Herbolzheim "Hoffentlich entstehen neue Freundschaften"

Den Jungmusikern der Herbolzheimer Stadtmusik ist anzusehen, dass ihnen der Aufenthalt in Sisteron gefallen hat. Diese Aufnahme entstand in der Partnergemeinde unmittelbar vor der Rückfahrt. Foto: privat Foto: Lahrer Zeitung

Sisteron/Herbolzheim. "Die Partnerschaft lebt": Dieses positive Fazit zieht Hans-Peter Baumann nach seiner Rückkehr aus Sisteron. Der Vorsitzende des Bürgervereins für Städtepartnerschaften hatte mit rund einem Dutzend weiterer Erwachsener die Jungmusiker der Stadtmusik Herbolzheim in die Gemeinde in der Provence begleitet. Die Gruppe war vier Tage dort und ist am Samstag vor einer Woche zurückgekehrt.

Wie gewohnt kamen die Herbolzheimer in Gastfamilien unter. "Es ist schön, dass die jungen Leute Kontakte knüpfen", freute sich Baumann. Die Jungmusiker, von denen viele zum ersten Mal in Sisteron waren, sahen sich in der Gemeinde um und besuchten auch Aix-en-Provence. Außerdem gaben sie ein Konzert in Sisteron und umrahmten auch die Eröffnung einer Ausstellung mit Werken des Herbolzheimer Künstlers August Bohn.

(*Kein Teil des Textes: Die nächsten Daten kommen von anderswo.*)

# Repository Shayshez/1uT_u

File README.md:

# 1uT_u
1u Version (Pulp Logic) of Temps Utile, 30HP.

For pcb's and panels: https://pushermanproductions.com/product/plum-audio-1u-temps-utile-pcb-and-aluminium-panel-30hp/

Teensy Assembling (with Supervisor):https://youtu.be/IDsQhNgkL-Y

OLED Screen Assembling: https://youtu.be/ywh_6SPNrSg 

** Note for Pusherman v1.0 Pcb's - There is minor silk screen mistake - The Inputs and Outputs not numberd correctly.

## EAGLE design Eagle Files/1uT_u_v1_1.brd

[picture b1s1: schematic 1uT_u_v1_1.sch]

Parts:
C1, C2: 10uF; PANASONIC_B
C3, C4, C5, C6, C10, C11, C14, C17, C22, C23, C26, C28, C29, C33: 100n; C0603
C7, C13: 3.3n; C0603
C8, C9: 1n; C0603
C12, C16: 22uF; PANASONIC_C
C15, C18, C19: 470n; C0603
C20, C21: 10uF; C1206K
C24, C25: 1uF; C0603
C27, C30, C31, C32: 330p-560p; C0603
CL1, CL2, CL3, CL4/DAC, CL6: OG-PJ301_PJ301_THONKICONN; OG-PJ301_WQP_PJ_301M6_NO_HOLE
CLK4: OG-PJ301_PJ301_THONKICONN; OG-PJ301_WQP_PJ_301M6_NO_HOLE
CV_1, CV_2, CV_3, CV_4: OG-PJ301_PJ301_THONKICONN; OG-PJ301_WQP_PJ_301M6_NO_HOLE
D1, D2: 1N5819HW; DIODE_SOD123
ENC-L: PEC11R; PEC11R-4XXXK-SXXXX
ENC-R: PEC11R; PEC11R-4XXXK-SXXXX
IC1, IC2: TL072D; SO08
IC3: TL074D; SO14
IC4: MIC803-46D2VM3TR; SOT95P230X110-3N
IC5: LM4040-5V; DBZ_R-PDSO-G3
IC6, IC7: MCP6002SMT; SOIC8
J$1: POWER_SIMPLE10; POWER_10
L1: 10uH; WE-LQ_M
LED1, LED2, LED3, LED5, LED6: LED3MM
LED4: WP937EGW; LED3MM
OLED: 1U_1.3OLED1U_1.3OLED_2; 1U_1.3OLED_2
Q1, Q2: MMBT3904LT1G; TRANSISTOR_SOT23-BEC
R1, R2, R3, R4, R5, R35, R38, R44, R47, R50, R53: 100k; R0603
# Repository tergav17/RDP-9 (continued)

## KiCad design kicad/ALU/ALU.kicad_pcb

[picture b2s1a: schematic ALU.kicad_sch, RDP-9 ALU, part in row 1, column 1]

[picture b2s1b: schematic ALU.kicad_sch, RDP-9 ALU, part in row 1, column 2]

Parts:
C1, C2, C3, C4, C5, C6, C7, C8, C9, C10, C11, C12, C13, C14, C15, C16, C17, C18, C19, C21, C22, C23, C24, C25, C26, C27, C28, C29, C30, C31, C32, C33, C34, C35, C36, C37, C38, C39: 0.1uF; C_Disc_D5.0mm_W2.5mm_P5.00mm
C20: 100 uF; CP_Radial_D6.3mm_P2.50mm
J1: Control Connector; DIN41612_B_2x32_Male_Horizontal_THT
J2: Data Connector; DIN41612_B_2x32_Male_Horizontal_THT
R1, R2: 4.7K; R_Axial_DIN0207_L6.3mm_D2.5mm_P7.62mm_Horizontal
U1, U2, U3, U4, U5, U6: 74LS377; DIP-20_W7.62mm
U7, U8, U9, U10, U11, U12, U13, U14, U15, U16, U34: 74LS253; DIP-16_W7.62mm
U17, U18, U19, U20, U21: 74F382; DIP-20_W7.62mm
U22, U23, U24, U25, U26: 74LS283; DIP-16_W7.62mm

"Dieser Besuch bringt junge Menschen aus unseren beiden Städten zusammen und ist somit besonders zukunftsorientiert. Es wäre schön, wenn daraus neue Freundschaften entstehen würden", sagte Baumann bei einem Abend mit dem Sisteroner Comité de Jumelage. Dabei stellte er auch Lea Friedman vor. Die Schülerin hat in diesem Jahr den Preis für hervorragende Leistungen im Fach Französisch in der Emil-Dörle-Realschule gewonnen, den der Bürgerverein aussetzt, um Schüler zusätzlich zum Fanzösisch-Lernen zu motivieren.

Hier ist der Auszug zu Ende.